Yeah but there is a difference between what people cite as positive examples when directly called out on it and what people cite under regular circumstances. You'll get no disagreement from me that there have been positive examples since 30 years ago, and people might mention them when directly pressed,  when not directly pressed on the implications of reaching that far back, even my own brother has done it. Has specifically cited Ripley and Connor. Which has made me wonder what writing women well actually means to them. If it means staying within the confines of what they like, which is a specific kind of character. 

At the very least there appears to be alot of restrictions. To the point where I and many others don't even pay attention any more. We just do our thing knowing its going to get slammed whatever.  

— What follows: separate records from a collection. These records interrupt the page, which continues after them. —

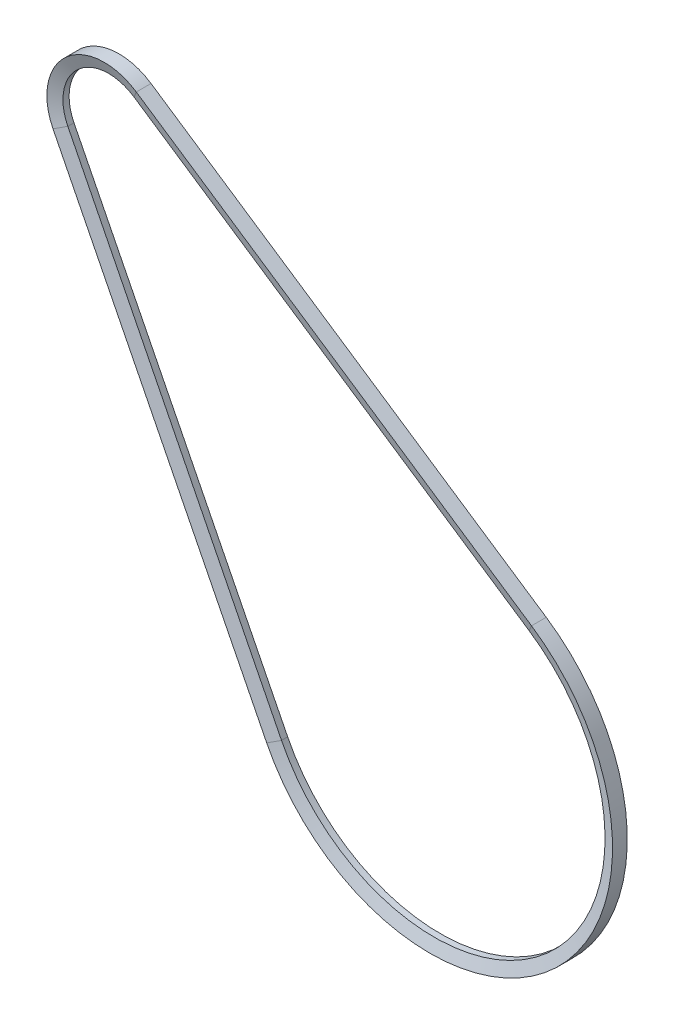
ISO-10303-21;
HEADER;
FILE_DESCRIPTION(('STEP AP214'),'2;1');
FILE_NAME('part.step','',(''),(''),'','','');
FILE_SCHEMA(('AUTOMOTIVE_DESIGN { 1 0 10303 214 1 1 1 1 }'));
ENDSEC;
DATA;
#1=APPLICATION_CONTEXT('core data for automotive mechanical design processes');
#2=APPLICATION_PROTOCOL_DEFINITION('international standard','automotive_design',2000,#1);
#3=PRODUCT_CONTEXT('',#1,'mechanical');
#4=PRODUCT('Part','Part','',(#3));
#5=PRODUCT_RELATED_PRODUCT_CATEGORY('part','',(#4));
#6=PRODUCT_DEFINITION_FORMATION('','',#4);
#7=PRODUCT_DEFINITION_CONTEXT('part definition',#1,'design');
#8=PRODUCT_DEFINITION('design','',#6,#7);
#9=PRODUCT_DEFINITION_SHAPE('','',#8);
#10=(LENGTH_UNIT() NAMED_UNIT(*) SI_UNIT(.MILLI.,.METRE.));
#11=(NAMED_UNIT(*) PLANE_ANGLE_UNIT() SI_UNIT($,.RADIAN.));
#12=(NAMED_UNIT(*) SI_UNIT($,.STERADIAN.) SOLID_ANGLE_UNIT());
#13=UNCERTAINTY_MEASURE_WITH_UNIT(LENGTH_MEASURE(1.E-05),#10,'distance_accuracy_value','');
#14=(GEOMETRIC_REPRESENTATION_CONTEXT(3) GLOBAL_UNCERTAINTY_ASSIGNED_CONTEXT((#13)) GLOBAL_UNIT_ASSIGNED_CONTEXT((#10,
#11,#12)) REPRESENTATION_CONTEXT('',''));
#15=CARTESIAN_POINT('',(0.,0.,0.));
#16=DIRECTION('',(0.,0.,1.));
#17=DIRECTION('',(1.,0.,0.));
#18=AXIS2_PLACEMENT_3D('',#15,#16,#17);
#19=CARTESIAN_POINT('',(285.546435518184,-153.916611068634,2.08823812587041));
#20=DIRECTION('',(0.190311906268058,0.284181556004479,-0.939692620785909));
#21=DIRECTION('',(0.,0.957186469706768,0.289472040463833));
#22=AXIS2_PLACEMENT_3D('',#19,#20,#21);
#23=PLANE('',#22);
#24=DIRECTION('',(-0.522877665124887,-0.780782408147774,-0.342020143325666));
#25=VECTOR('',#24,1.);
#26=CARTESIAN_POINT('',(285.546435518184,-153.916611068634,2.08823812587041));
#27=LINE('',#26,#25);
#28=CARTESIAN_POINT('',(289.997913829784,-147.269480797505,5.));
#29=VERTEX_POINT('',#28);
#30=CARTESIAN_POINT('',(285.546435518184,-153.916611068634,2.08823812587041));
#31=VERTEX_POINT('',#30);
#32=EDGE_CURVE('E156',#29,#31,#27,.T.);
#33=ORIENTED_EDGE('',*,*,#32,.F.);
#34=DIRECTION('',(-0.830891283891097,0.556434788949977,0.));
#35=VECTOR('',#34,1.);
#36=CARTESIAN_POINT('',(289.997913829784,-147.269480797505,5.));
#37=LINE('',#36,#35);
#38=CARTESIAN_POINT('',(21.7009567690254,32.4047600717624,5.));
#39=VERTEX_POINT('',#38);
#40=EDGE_CURVE('E155',#29,#39,#37,.T.);
#41=ORIENTED_EDGE('',*,*,#40,.T.);
#42=DIRECTION('',(-0.522877665124887,-0.780782408147774,-0.342020143325666));
#43=VECTOR('',#42,1.);
#44=CARTESIAN_POINT('',(17.2494784574253,25.7576298006338,2.08823812587041));
#45=LINE('',#44,#43);
#46=CARTESIAN_POINT('',(17.2494784574253,25.7576298006338,2.08823812587041));
#47=VERTEX_POINT('',#46);
#48=EDGE_CURVE('E132',#39,#47,#45,.T.);
#49=ORIENTED_EDGE('',*,*,#48,.T.);
#50=DIRECTION('',(-0.830891283891097,0.556434788949977,0.));
#51=VECTOR('',#50,1.);
#52=CARTESIAN_POINT('',(285.546435518184,-153.916611068634,2.08823812587041));
#53=LINE('',#52,#51);
#54=EDGE_CURVE('E161',#31,#47,#53,.T.);
#55=ORIENTED_EDGE('',*,*,#54,.F.);
#56=EDGE_LOOP('',(#33,#41,#49,#55));
#57=FACE_BOUND('',#56,.T.);
#58=ADVANCED_FACE('F37',(#57),#23,.F.);
#59=CARTESIAN_POINT('',(-2.39808173319034E-11,9.76996261670138E-12,5.));
#60=DIRECTION('',(0.,0.,1.));
#61=DIRECTION('',(1.,0.,0.));
#62=AXIS2_PLACEMENT_3D('',#59,#60,#61);
#63=CONICAL_SURFACE('',#62,39.,1.22173047639603);
#64=CARTESIAN_POINT('',(-2.39808173319034E-11,9.76996261670138E-12,2.08823812587041));
#65=DIRECTION('',(0.,0.,1.));
#66=DIRECTION('',(0.556434788949977,0.830891283891096,0.));
#67=AXIS2_PLACEMENT_3D('',#64,#65,#66);
#68=CIRCLE('',#67,31.);
#69=CARTESIAN_POINT('',(-27.6957840770318,-13.9263614903352,2.08823812587041));
#70=VERTEX_POINT('',#69);
#71=EDGE_CURVE('E122',#47,#70,#68,.T.);
#72=ORIENTED_EDGE('',*,*,#71,.F.);
#73=ORIENTED_EDGE('',*,*,#48,.F.);
#74=CARTESIAN_POINT('',(-2.39808173319034E-11,9.76996261670138E-12,5.));
#75=DIRECTION('',(0.,0.,1.));
#76=DIRECTION('',(0.556434788949983,0.830891283891092,0.));
#77=AXIS2_PLACEMENT_3D('',#74,#75,#76);
#78=CIRCLE('',#77,39.);
#79=CARTESIAN_POINT('',(-34.8430831936843,-17.5202612297684,5.));
#80=VERTEX_POINT('',#79);
#81=EDGE_CURVE('E135',#39,#80,#78,.T.);
#82=ORIENTED_EDGE('',*,*,#81,.T.);
#83=DIRECTION('',(0.8395330298085,0.422145133123729,-0.342020143325666));
#84=VECTOR('',#83,1.);
#85=CARTESIAN_POINT('',(-27.6957840770119,-13.9263614903252,2.08823812587041));
#86=LINE('',#85,#84);
#87=EDGE_CURVE('E152',#80,#70,#86,.T.);
#88=ORIENTED_EDGE('',*,*,#87,.T.);
#89=EDGE_LOOP('',(#72,#73,#82,#88));
#90=FACE_BOUND('',#89,.T.);
#91=ADVANCED_FACE('F134',(#90),#63,.F.);
#92=CARTESIAN_POINT('',(-2.39808173319034E-11,9.76996261670138E-12,0.));
#93=DIRECTION('',(0.,0.,1.));
#94=DIRECTION('',(1.,0.,0.));
#95=AXIS2_PLACEMENT_3D('',#92,#93,#94);
#96=CYLINDRICAL_SURFACE('',#95,31.);
#97=CARTESIAN_POINT('',(-2.39808173319034E-11,9.76996261670138E-12,-2.08823812587041));
#98=DIRECTION('',(0.,0.,1.));
#99=DIRECTION('',(0.556434788949977,0.830891283891096,0.));
#100=AXIS2_PLACEMENT_3D('',#97,#98,#99);
#101=CIRCLE('',#100,31.);
#102=CARTESIAN_POINT('',(17.2494784574253,25.7576298006338,-2.08823812587041));
#103=VERTEX_POINT('',#102);
#104=CARTESIAN_POINT('',(-27.6957840770318,-13.9263614903352,-2.08823812587041));
#105=VERTEX_POINT('',#104);
#106=EDGE_CURVE('E116',#103,#105,#101,.T.);
#107=ORIENTED_EDGE('',*,*,#106,.F.);
#108=DIRECTION('',(0.,0.,-1.));
#109=VECTOR('',#108,1.);
#110=CARTESIAN_POINT('',(17.2494784574253,25.7576298006338,-2.08823812587041));
#111=LINE('',#110,#109);
#112=EDGE_CURVE('E141',#47,#103,#111,.T.);
#113=ORIENTED_EDGE('',*,*,#112,.F.);
#114=ORIENTED_EDGE('',*,*,#71,.T.);
#115=DIRECTION('',(0.,0.,-1.));
#116=VECTOR('',#115,1.);
#117=CARTESIAN_POINT('',(-27.6957840770119,-13.9263614903252,-2.08823812587041));
#118=LINE('',#117,#116);
#119=EDGE_CURVE('E238',#70,#105,#118,.T.);
#120=ORIENTED_EDGE('',*,*,#119,.T.);
#121=EDGE_LOOP('',(#107,#113,#114,#120));
#122=FACE_BOUND('',#121,.T.);
#123=ADVANCED_FACE('F260',(#122),#96,.F.);
#124=CARTESIAN_POINT('',(-2.39808173319034E-11,9.76996261670138E-12,-2.08823812587041));
#125=DIRECTION('',(0.,0.,-1.));
#126=DIRECTION('',(-1.,0.,0.));
#127=AXIS2_PLACEMENT_3D('',#124,#125,#126);
#128=CONICAL_SURFACE('',#127,31.,1.22173047639603);
#129=CARTESIAN_POINT('',(-2.39808173319034E-11,9.76996261670138E-12,-5.));
#130=DIRECTION('',(0.,0.,1.));
#131=DIRECTION('',(0.556434788949983,0.830891283891092,0.));
#132=AXIS2_PLACEMENT_3D('',#129,#130,#131);
#133=CIRCLE('',#132,39.);
#134=CARTESIAN_POINT('',(21.7009567690254,32.4047600717624,-5.));
#135=VERTEX_POINT('',#134);
#136=CARTESIAN_POINT('',(-34.8430831936843,-17.5202612297684,-5.));
#137=VERTEX_POINT('',#136);
#138=EDGE_CURVE('E176',#135,#137,#133,.T.);
#139=ORIENTED_EDGE('',*,*,#138,.F.);
#140=DIRECTION('',(0.522877665124887,0.780782408147774,-0.342020143325666));
#141=VECTOR('',#140,1.);
#142=CARTESIAN_POINT('',(21.7009567690254,32.4047600717624,-5.));
#143=LINE('',#142,#141);
#144=EDGE_CURVE('E165',#103,#135,#143,.T.);
#145=ORIENTED_EDGE('',*,*,#144,.F.);
#146=ORIENTED_EDGE('',*,*,#106,.T.);
#147=DIRECTION('',(-0.8395330298085,-0.422145133123729,-0.342020143325666));
#148=VECTOR('',#147,1.);
#149=CARTESIAN_POINT('',(-34.8430831936644,-17.5202612297584,-5.));
#150=LINE('',#149,#148);
#151=EDGE_CURVE('E214',#105,#137,#150,.T.);
#152=ORIENTED_EDGE('',*,*,#151,.T.);
#153=EDGE_LOOP('',(#139,#145,#146,#152));
#154=FACE_BOUND('',#153,.T.);
#155=ADVANCED_FACE('F219',(#154),#128,.F.);
#156=CARTESIAN_POINT('',(-2.39808173319034E-11,9.76996261670138E-12,0.));
#157=DIRECTION('',(0.,0.,1.));
#158=DIRECTION('',(1.,0.,0.));
#159=AXIS2_PLACEMENT_3D('',#156,#157,#158);
#160=CYLINDRICAL_SURFACE('',#159,39.);
#161=DIRECTION('',(0.,0.,1.));
#162=VECTOR('',#161,1.);
#163=CARTESIAN_POINT('',(-34.8430831936644,-17.5202612297584,5.));
#164=LINE('',#163,#162);
#165=EDGE_CURVE('E149',#137,#80,#164,.T.);
#166=ORIENTED_EDGE('',*,*,#165,.T.);
#167=ORIENTED_EDGE('',*,*,#81,.F.);
#168=DIRECTION('',(0.,0.,1.));
#169=VECTOR('',#168,1.);
#170=CARTESIAN_POINT('',(21.7009567690254,32.4047600717624,5.));
#171=LINE('',#170,#169);
#172=EDGE_CURVE('E148',#135,#39,#171,.T.);
#173=ORIENTED_EDGE('',*,*,#172,.F.);
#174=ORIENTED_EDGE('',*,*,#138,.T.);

Make her strong without much depth: Strong Female Character.
Give her the "wrong" kind of depth: Get driven off of Twitter https://www.digitaltrends.com/social-media/joss-whedon-driven-off-twitter/
Make her too "masculine": Man with Boobs.
Make her too weak: Damsel in distress/Faux Action girl.
Make her loved and hyper competent : Mary Sue. 
Make her hated : Pity Sue. 
Make her sexy : Sex object. or "Fighting fuck toy" 
Make her not sexy : Starts getting called mannish (See critcism of new She Ra, new Lara Croft) 
Make her a marginalized identity : SJW propaganda. Forced diversity.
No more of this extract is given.